Timeo Goldman et dona ferentes

When it comes to CDOs –beware of gifts from Goldman
There is one lesson to be learned in the CDO debacle. To paraphrase Laocoon, who attempted to warn the Trojans of the giant horse left behind by the Greeks in the Aeneid: “Timeo Danaos et dona ferentes.” I would say: “Timeo Goldman et dona ferentes” which means “I fear Goldman even when bearing gifts.”
By Edward Manfredonia
July 13th, 2010

[Policing Wall Street]

I Fear Goldman….When Bearing Gifts

On June 10, 2010 it was reported that the Securities and Exchange Commission was investigating Goldman Sachs for its involvement in creating and marketing a second Collateralized Debt Obligation, Hudson Mezzanine. 

But the SEC leaked that there would be no charges of fraud as the SEC had already civilly charged Goldman with fraud in the marketing and sale of another CDO, Timberwolf. Hudson Mezzanine tracked a series of Collateralized Mortgage Obligations. This CDO was created by Goldman to hedge the risk of its inventory of CMOs, which the firm held in its proprietary account. 

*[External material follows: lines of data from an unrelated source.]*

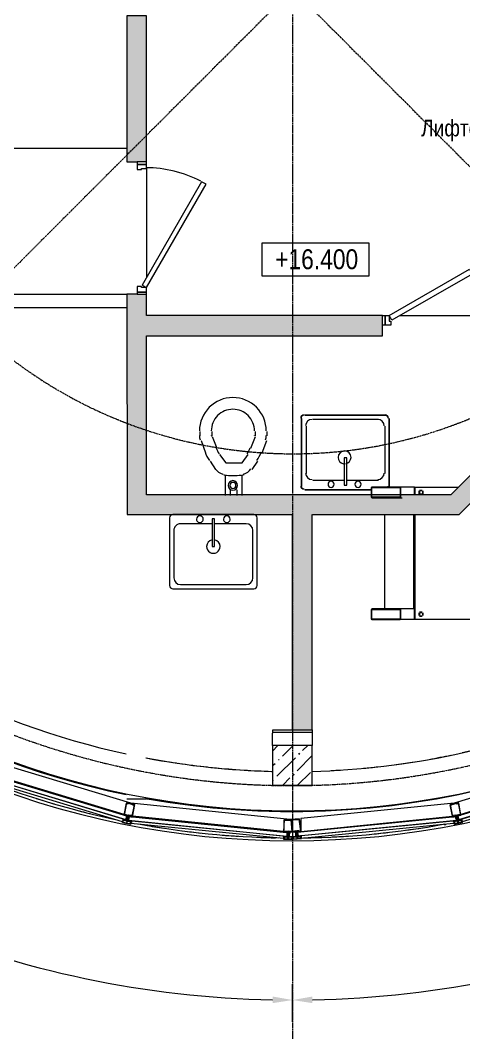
# Model space of a CAD drawing. Header units: millimetres. Extents: x 223 to 163467, y -12002 to 99672.
# Drawn here: x 95732 to 99076, y -7910 to -280 of the extents above; entities that cross this region are included whole.
import ezdxf

# ---------------------------------------------------------------- set-up
doc = ezdxf.new("R2010")
doc.units = ezdxf.units.MM
doc.linetypes.add('ADSK_Линия сетки', pattern=[21, 12, -3, 3, -3])
for name, color, linetype, lineweight in [('A-ANNO-DIMS', 7, 'Continuous', 9), ('P-SANR-FIXT', 7, 'Continuous', 5), ('S-GRID', 7, 'Continuous', 9)]:
    doc.layers.add(name, color=color, linetype=linetype, lineweight=lineweight)
for name, color, linetype in [('PDF _A-CLNG', 7, 'Continuous'), ('PDF _A-DETL', 7, 'Continuous'), ('PDF _A-DETL-GENF', 7, 'Continuous'), ('PDF _A-DOOR', 7, 'Continuous'), ('PDF _A-DOOR-FRAM', 7, 'Continuous'), ('PDF _A-FLOR', 7, 'Continuous'), ('PDF _A-GLAZ-CURT', 7, 'Continuous'), ('PDF _A-GLAZ-CWMG', 7, 'Continuous'), ('PDF _A-WALL', 7, 'Continuous'), ('PDF _A-WALL-PATT', 7, 'Continuous'), ('PDF _G-ANNO-DIMS', 7, 'Continuous'), ('PDF _I-WALL', 7, 'Continuous'), ('PDF _P-SANR-FIXT', 7, 'Continuous'), ('PDF _S-BEAM', 7, 'Continuous'), ('PDF _S-COLS', 7, 'Continuous'), ('PDF _S-FSTN', 7, 'Continuous'), ('PDF _Ограждение', 7, 'Continuous'), ('PDF _Текст', 7, 'Continuous')]:
    doc.layers.add(name, color=color, linetype=linetype)
doc.styles.add('GOST Common_I_6', font='ARIALN.TTF', dxfattribs={"height": 125})
doc.styles.add('PDF GOST Common Italic', font='ARIALN.TTF')
doc.styles.add('PDF ISOCPEUR Italic', font='ARIALN.TTF')
doc.dimstyles.new('Диагональ_-_Gost_2_5мм', dxfattribs={"dimscale": 304.8, "dimtxt": 125.714375, "dimasz": 0.492126, "dimexe": 0.393701, "dimexo": 0.246063, "dimgap": 0.287073, "dimtad": 1, "dimdec": 0, "dimzin": 0, "dimdsep": 46, "dimtxsty": 'GOST Common_I_6', "dimsah": 1, "dimcen": 0.09, "dimdle": 0.393701, "dimazin": 0, "dimtfac": 1, "dimtdec": 4, "dimtix": 1, "dimtmove": 0, "dimatfit": 3, "dimfxl": 1, "dimtvp": 1, "dimtfill": 1, "dimtolj": 1, "dimtzin": 0, "dimarcsym": 2})

# ---------------------------------------------------------------- blocks, each defined once
blk = doc.blocks.new('Раковина-Одиночная-2D - 660 x 560 мм-490963-1 этаж')
at = {"layer": 'P-SANR-FIXT'}
for p, q in [((1.7, 634.6), (1.7, 125.4)), ((1.7, 634.6), (1.7, 125.4)), ((636.3, 660), (27.1, 660)), ((636.3, 660), (27.1, 660)), ((579.1, 628.3), (84.2, 628.3)), ((661.7, 125.4), (661.7, 634.6)), ((661.7, 125.4), (661.7, 634.6)), ((33.4, 577.5), (33.4, 220.7)), ((629.9, 220.7), (629.9, 577.5)), ((341.2, 341.3), (322.2, 341.3)), ((322.2, 341.3), (322.2, 131.8)), ((341.2, 131.8), (341.2, 341.3)), ((84.2, 169.9), (322.2, 169.9)), ((341.2, 169.9), (579.1, 169.9)), ((27.1, 100), (636.3, 100)), ((27.1, 100), (636.3, 100)), ((322.2, 131.8), (341.2, 131.8))]:
    blk.add_line(p, q, dxfattribs=at)
for centre, radius, start, end in [((27.1, 634.6), 25.4, 90, 180), ((27.1, 634.6), 25.4, 90, 180), ((84.2, 577.5), 50.8, 90, 180), ((579.1, 577.5), 50.8, 0, 90), ((636.3, 634.6), 25.4, 0, 90), ((636.3, 634.6), 25.4, 0, 90), ((331.7, 341.3), 50.8, 360, 180), ((331.7, 341.3), 50.8, 180, 259.19308), ((331.7, 341.3), 50.8, 280.80692, 0), ((84.2, 220.7), 50.8, 180, 270), ((230.1, 135), 25.4, 360, 180), ((433.3, 135), 25.4, 360, 180), ((579.1, 220.7), 50.8, 270, 0), ((27.1, 125.4), 25.4, 180, 270), ((27.1, 125.4), 25.4, 180, 270), ((230.1, 135), 25.4, 180, 0), ((433.3, 135), 25.4, 180, 0), ((636.3, 125.4), 25.4, 270, 360), ((636.3, 125.4), 25.4, 270, 0)]:
    blk.add_arc(centre, radius, start, end, dxfattribs=at)
blk = doc.blocks.new('*D337')
at = {"layer": 'A-ANNO-DIMS', "color": 0, "lineweight": -2, "transparency": 16777216}
for p, q in [((94394.4, 19097.7), (94109.4, 19097.7)), ((92115.2, 13595.1), (91913.7, 13796.7))]:
    blk.add_line(p, q, dxfattribs=at)
blk.add_arc((86612.7, 19097.7), 7616.7, 316.12837, 358.87163, dxfattribs=at)
at = {"layer": 'A-ANNO-DIMS', "color": 0, "transparency": 16777216}
for points in [[(94202.9, 18947.9), (94252.9, 18947.4), (94229.4, 19097.7)], [(92121.4, 13801.4), (92085.7, 13836.4), (91998.5, 13711.8)]]:
    blk.add_solid(points, dxfattribs=at)
at = {"layer": 'Defpoints', "color": 0, "transparency": 16777216}
for p in [(86612.7, 19097.7), (94469.4, 19097.7), (93209, 15289.3), (92168.2, 13542.1)]:
    blk.add_point(p, dxfattribs=at)
at = {"layer": 'A-ANNO-DIMS', "color": 0, "transparency": 16777216, "insert": (93511, 16240.3), "char_height": 125, "width": 588.088, "attachment_point": 5, "rotation": 67.5, "style": 'GOST Common_I_6', "bg_fill": 3, "box_fill_scale": 1.1, "bg_fill_color": 256, "bg_fill_true_color": 13158600, "bg_fill_transparency": 0}
blk.add_mtext('\\A1;45.00°', dxfattribs=at)
blk = doc.blocks.new('*D338')
at = {"layer": 'A-ANNO-DIMS', "color": 0, "lineweight": -2, "transparency": 16777216}
for p, q in [((92115.2, 13595.1), (91913.7, 13796.7)), ((86612.7, 11315.9), (86612.7, 11600.9))]:
    blk.add_line(p, q, dxfattribs=at)
blk.add_arc((86612.7, 19097.7), 7616.7, 271.12837, 313.87163, dxfattribs=at)
at = {"layer": 'A-ANNO-DIMS', "color": 0, "transparency": 16777216}
for points in [[(91873.9, 13624.6), (91908.9, 13588.9), (91998.5, 13711.8)], [(86762.9, 11457.4), (86762.4, 11507.4), (86612.7, 11480.9)]]:
    blk.add_solid(points, dxfattribs=at)
at = {"layer": 'Defpoints', "color": 0, "transparency": 16777216}
for p in [(86612.7, 19097.7), (92168.2, 13542.1), (88584, 11740.4), (86612.7, 11240.9)]:
    blk.add_point(p, dxfattribs=at)
at = {"layer": 'A-ANNO-DIMS', "color": 0, "transparency": 16777216, "insert": (89470.1, 12199.3), "char_height": 125, "width": 588.088, "attachment_point": 5, "rotation": 22.5, "style": 'GOST Common_I_6', "bg_fill": 3, "box_fill_scale": 1.1, "bg_fill_color": 256, "bg_fill_true_color": 13158600, "bg_fill_transparency": 0}
blk.add_mtext('\\A1;45.00°', dxfattribs=at)
blk = doc.blocks.new('*D339')
at = {"layer": 'A-ANNO-DIMS', "color": 0, "lineweight": -2, "transparency": 16777216}
for p, q in [((78830.9, 19097.7), (79115.9, 19097.7)), ((81110.1, 13595.1), (81311.7, 13796.7))]:
    blk.add_line(p, q, dxfattribs=at)
blk.add_arc((86612.7, 19097.7), 7616.7, 181.12837, 223.87163, dxfattribs=at)
at = {"layer": 'A-ANNO-DIMS', "color": 0, "transparency": 16777216}
for points in [[(78972.4, 18947.4), (79022.4, 18947.9), (78995.9, 19097.7)], [(81139.7, 13836.4), (81104, 13801.4), (81226.8, 13711.8)]]:
    blk.add_solid(points, dxfattribs=at)
at = {"layer": 'Defpoints', "color": 0, "transparency": 16777216}
for p in [(78755.9, 19097.7), (86612.7, 19097.7), (79255.5, 17126.3), (81057.1, 13542.1)]:
    blk.add_point(p, dxfattribs=at)
at = {"layer": 'A-ANNO-DIMS', "color": 0, "transparency": 16777216, "insert": (79714.3, 16240.3), "char_height": 125, "width": 588.088, "attachment_point": 5, "rotation": 292.5, "style": 'GOST Common_I_6', "bg_fill": 3, "box_fill_scale": 1.1, "bg_fill_color": 256, "bg_fill_true_color": 13158600, "bg_fill_transparency": 0}
blk.add_mtext('\\A1;45.00°', dxfattribs=at)
blk = doc.blocks.new('*D340')
at = {"layer": 'A-ANNO-DIMS', "color": 0, "lineweight": -2, "transparency": 16777216}
for p, q in [((81110.1, 13595.1), (81311.7, 13796.7)), ((86612.7, 11315.9), (86612.7, 11600.9))]:
    blk.add_line(p, q, dxfattribs=at)
blk.add_arc((86612.7, 19097.7), 7616.7, 226.12837, 268.87163, dxfattribs=at)
at = {"layer": 'A-ANNO-DIMS', "color": 0, "transparency": 16777216}
for points in [[(81316.4, 13588.9), (81351.4, 13624.6), (81226.8, 13711.8)], [(86462.9, 11507.4), (86462.4, 11457.4), (86612.7, 11480.9)]]:
    blk.add_solid(points, dxfattribs=at)
at = {"layer": 'Defpoints', "color": 0, "transparency": 16777216}
for p in [(86612.7, 19097.7), (81057.1, 13542.1), (82804.3, 12501.4), (86612.7, 11240.9)]:
    blk.add_point(p, dxfattribs=at)
at = {"layer": 'A-ANNO-DIMS', "color": 0, "transparency": 16777216, "insert": (83755.3, 12199.3), "char_height": 125, "width": 588.088, "attachment_point": 5, "rotation": 337.5, "style": 'GOST Common_I_6', "bg_fill": 3, "box_fill_scale": 1.1, "bg_fill_color": 256, "bg_fill_true_color": 13158600, "bg_fill_transparency": 0}
blk.add_mtext('\\A1;45.00°', dxfattribs=at)
blk = doc.blocks.new('оси')
at = {"layer": 'S-GRID', "linetype": 'ADSK_Линия сетки'}
for q in [(80436.2, 12921.1), (86612.7, 8288.8), (92851.2, 12859.1)]:
    blk.add_line((86612.7, 19097.7), q, dxfattribs=at)
blk.add_arc((86612.7, 19097.7), 6000, 192.09621, 182.95219, dxfattribs=at)
at = {"layer": 'A-ANNO-DIMS'}
dim = blk.add_angular_dim_3p(base=(93209, 15289.3), center=(86612.7, 19097.7), p1=(92168.2, 13542.1), p2=(94469.4, 19097.7), dimstyle='Диагональ_-_Gost_2_5мм', override={"dimpost": '<>', "dimfxl": 6013.290219}, dxfattribs=at)
dim.commit()
dim.dimension.update_dxf_attribs({"geometry": '*D337', "text_midpoint": (93511, 16240.3)})
dim = blk.add_angular_dim_3p(base=(88584, 11740.4), center=(86612.7, 19097.7), p1=(86612.7, 11240.9), p2=(92168.2, 13542.1), dimstyle='Диагональ_-_Gost_2_5мм', override={"dimpost": '<>', "dimfxl": 6013.290219}, dxfattribs=at)
dim.commit()
dim.dimension.update_dxf_attribs({"geometry": '*D338', "text_midpoint": (89470.1, 12199.3)})
dim = blk.add_angular_dim_3p(base=(79255.5, 17126.3), center=(86612.7, 19097.7), p1=(78755.9, 19097.7), p2=(81057.1, 13542.1), dimstyle='Диагональ_-_Gost_2_5мм', override={"dimpost": '<>', "dimfxl": 6013.290219}, dxfattribs=at)
dim.commit()
dim.dimension.update_dxf_attribs({"geometry": '*D339', "text_midpoint": (79714.3, 16240.3)})
dim = blk.add_angular_dim_3p(base=(82804.3, 12501.4), center=(86612.7, 19097.7), p1=(81057.1, 13542.1), p2=(86612.7, 11240.9), dimstyle='Диагональ_-_Gost_2_5мм', override={"dimpost": '<>', "dimfxl": 6013.290219}, dxfattribs=at)
dim.commit()
dim.dimension.update_dxf_attribs({"geometry": '*D340', "text_midpoint": (83755.3, 12199.3)})
at = {"layer": 'S-GRID', "linetype": 'ADSK_Линия сетки'}
blk.add_arc((86612.7, 19097.7), 3500, 177.33151, 161.43745, dxfattribs=at)

msp = doc.modelspace()

# ---------------------------------------------------------------- hatches: boundary and pattern name
at = {"layer": 'PDF _A-WALL-PATT', "lineweight": 15, "true_color": 0xc0c0c0, "transparency": 33554559}
for points in [[(96684.5, -246), (96536.4, -246), (96536.4, -1346.6), (96684.5, -1346.6)], [(97934.2, -4005.1), (97784.2, -4005.1), (97785.2, -5626.5), (97932, -5626.5)]]:
    msp.add_hatch(color=9, dxfattribs=at).paths.add_polyline_path(points)
h = msp.add_hatch(color=9, dxfattribs=at)
h.paths.add_polyline_path([(100177, -2658.9), (99084.8, -3751.1), (99084.8, -3755.3), (99080.5, -3755.3), (98979, -3856.9), (96684.5, -3856.9), (96684.5, -2658.9), (98462.5, -2658.9), (98462.5, -2506.5), (96684.5, -2506.5), (96684.5, -2345.7), (96536.4, -2345.7), (96536.4, -4007.4), (96684.5, -4007.4), (96684.5, -4005.1), (99042.4, -4005.1), (99292.2, -3755.3), (99296.4, -3755.3), (99296.4, -3751.1), (99313.4, -3738.4), (99313.4, -3734.2), (100896.6, -2150.9), (100790.8, -2045.1), (100329.4, -2506.5), (99262.6, -2506.5), (99262.6, -2658.9)])
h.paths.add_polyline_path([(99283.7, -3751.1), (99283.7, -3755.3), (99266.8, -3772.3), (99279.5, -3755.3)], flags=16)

So let’s examine the record of e-mails concerning Hudson Mezzanine that have been made public. On October 30, 2006 Peter L. Ostrem, a Goldman manager, sent an e-mail to approximately 25 company employees, including Darryl K. Herrick. The subject of this e-mail was titled: “Great Job in Hudson Mezzanine.” The e-mail read: “Wednesday of last week we price Hudson Mezzanine SP CDO, a static $2.0 billion structured product CDO backed by $1.2 billion of the ABX Index (an index of subprime mortgages) and $800 mm (million) of other RMBS subprime securities (residential mortgage backed securities). Goldman was the sole buyer of protection on the entire $2.0 billion of assets….Darryl Herrick led a core team that executed this deal…”

Later the e-mail message read: “Goldman is currently mandated on $40+ billion of additional CDOs and CLOs (Collateralized Loan Obligations) for the next 12 months. Increasing velocity on debt and equity placement of our upcoming transactions will be the key to our success in 2007. Let’s do it again.”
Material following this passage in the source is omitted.